Presto un nuovo incontro
”L’incontro è trascorso molto bene. Abbiamo discusso apertamente e in modo schietto. Abbiamo informato i nostri interlocutori in merito a cosa sta accadendo e abbiamo ascoltato il loro punto di vista. Abbiamo stabilito di tornare a incontrarci dopo che il Ministero della Giustizia avrà fornito all’Esecutivo una relazione dettagliata sull’argomento (probabilmente tra una o due settimane, nda)”, ha dichiarato Plenković al termine dell’incontro. “Le nostre decisioni – ha proseguito – si baseranno su quanto sancito dalle leggi croate e dai trattati internazionali firmati dalla Croazia”. Ha invitato a non fare confusione tra domanda d’assistenza giudiziaria internazionale e atto d’accusa.

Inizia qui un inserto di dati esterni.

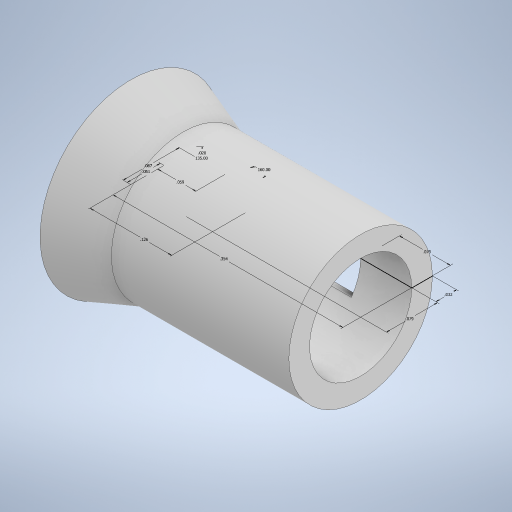
# Autodesk Inventor part: collimator
Saved by Autodesk Inventor 2024 (Build 280153000, 153)
## iProperties
Created: 2024-10-31
Part Number: collimator
Material: Generic
Document SubType Name: Modeling
Designer: Williamow
Density: 1 g/cm^3
Appearance: Default
Author: Williamow
Autodesk Inventor part; units mm, degrees
ref_plane "YZ Plane" through (0, 0, 0) normal (1, 0, 0) x (0, 1, 0)
ref_plane "XZ Plane" through (0, 0, 0) normal (0, 1, 0) x (-1, 0, 0)
ref_plane "XY Plane" through (0, 0, 0) normal (0, 0, 1) x (1, 0, 0)
sketch "Sketch1" plane through (0, 0, 0) normal (0, 1, 0) x (-1, 0, 0)
  line L0 (0, 0) -> (-2.1541, 0)
  line L1 (0, -2.5536) -> (-0.3536, -2.2)
  line L2 (-1.5, -2.2) -> (-2.0495, -2)
  line L3 (-2.0495, -2) -> (-9, -2)
  line L4 (-9, -2) -> (-9, -2.81)
  line L5 (-9, -2.81) -> (-2.0495, -2.81)
  line L6 (-2.0495, -2.81) -> (0, -3.556)
  line L7 (0, -3.556) -> (0, -2.5536)
  line L8 (-2.0495, -2) -> (-2.0495, -2.81)
  line L9 (-7, -2) -> (-7, -2.81)
  line L10 (-0.3536, -2.2) -> (-1.5, -2.2)
  line L11 (0, -1.3) -> (-3.2, -1.3)
  point P0 (0, 0)
  dimension "d1" = 2
  dimension "d2" = 160
  dimension "d3" = 0.81
  dimension "d4" = 9
  dimension "d6" = 2
  dimension "d9" = 2.2
  dimension "d10" = 0.5
  dimension "d11" = 135
  dimension "d12" = 1.5
  dimension "d13" = 3.2
  dimension "d14" = 1.3
  constraints: 24 end point, 3 horizontal, 3 perpendicular, 3 vertical alignment, 2 parallel, 2 point on line, 2 vertical, 1 coincident
  measures "d1" distance between parallel lines of L0 L3
  measures "d2" angle of L6 L5
  measures "d3" distance of L3.end L4.end
  measures "d4" horizontal distance of point (0, 0) L3.end
  measures "d6" distance between parallel lines of L4 L9
  measures "d9" distance from line of point (0, 0) L10
  measures "d10" distance of L1.start L1.end
  measures "d11" angle of L10 L1
  measures "d12" horizontal distance of point (0, 0) L2.start
  measures "d13" distance of L11.start L11.end
  measures "d14" distance between parallel lines of L0 L11
revolve "Revolution1" add sketch "Sketch1" angle 360 about axis through (0, 0, 0) along (1, 0, 0)
revolve "Revolution2" cut sketch "Sketch1" angle 70 mid plane about axis through (0, 0, 0) along (1, 0, 0) contours L5 L9 L3 L8
body "Solid1"

Nessun atto d’accusa da Sarajevo
“Non esiste alcun atto d’accusa”, ha affermato Plenković, confermando che ai sensi dell’Accordo sull’assistenza giuridica tra la Croazia e la Bosnia ed Erzegovina, in attesa di ottenere una risposta da Zagabria la Procura bosniaca ha sospeso momentaneamente ogni attività relativa al dossier in questione.
Nel corso della conferenza stampa indetta sull’argomento ai Banski dvori ai giornalisti si è rivolto pure Pavao Miljavac, ex capo di Stato maggiore delle Forze armate e presidente dell’Associazione dei generali croati.
Esclusa la variante A
Il generale in congedo ha spiegato che esistono due possibilità: declinare le richieste avanzate da Sarajevo, oppure lasciare che della vicenda si occupi il Ministero della Giustizia. “Se avessimo optato per la variante A la Croazia si sarebbe per certi versi ‘sbarazzata del problema’, ma a quel punto la Bosnia ed Erzegovina avrebbe probabilmente sollevato un atto d’accusa ed emesso un mandato di cattura, bloccandoci in Croazia. Di conseguenza abbiamo optato all’unanimità per la seconda soluzione”, ha detto Miljavac, rilevando che mai gli ufficiali croati hanno mai dato ordine di bombardare obiettivi civili o di compiere crimini di guerra. “In guerra le persone muoiono. La guerra non è un balletto, spesso ci sono vittime innocenti”, ha concluso Pavao Miljavac.
Stando alle fonti di stampa, gli alti ufficiali croati che hanno partecipato all’operazione Lampo sono sospettati dalla Procura bosniaca (sulla base delle denunce sporte nel 2006 dalla Polizia della Repubblica serba della Bosnia ed Erzegovina) di aver ordinato attacchi d’artiglieria indiscriminati contro obiettivi civili e le località non difese di Bosanska Gradiška e Bosanska Dubica, provocando la morte di diverse persone.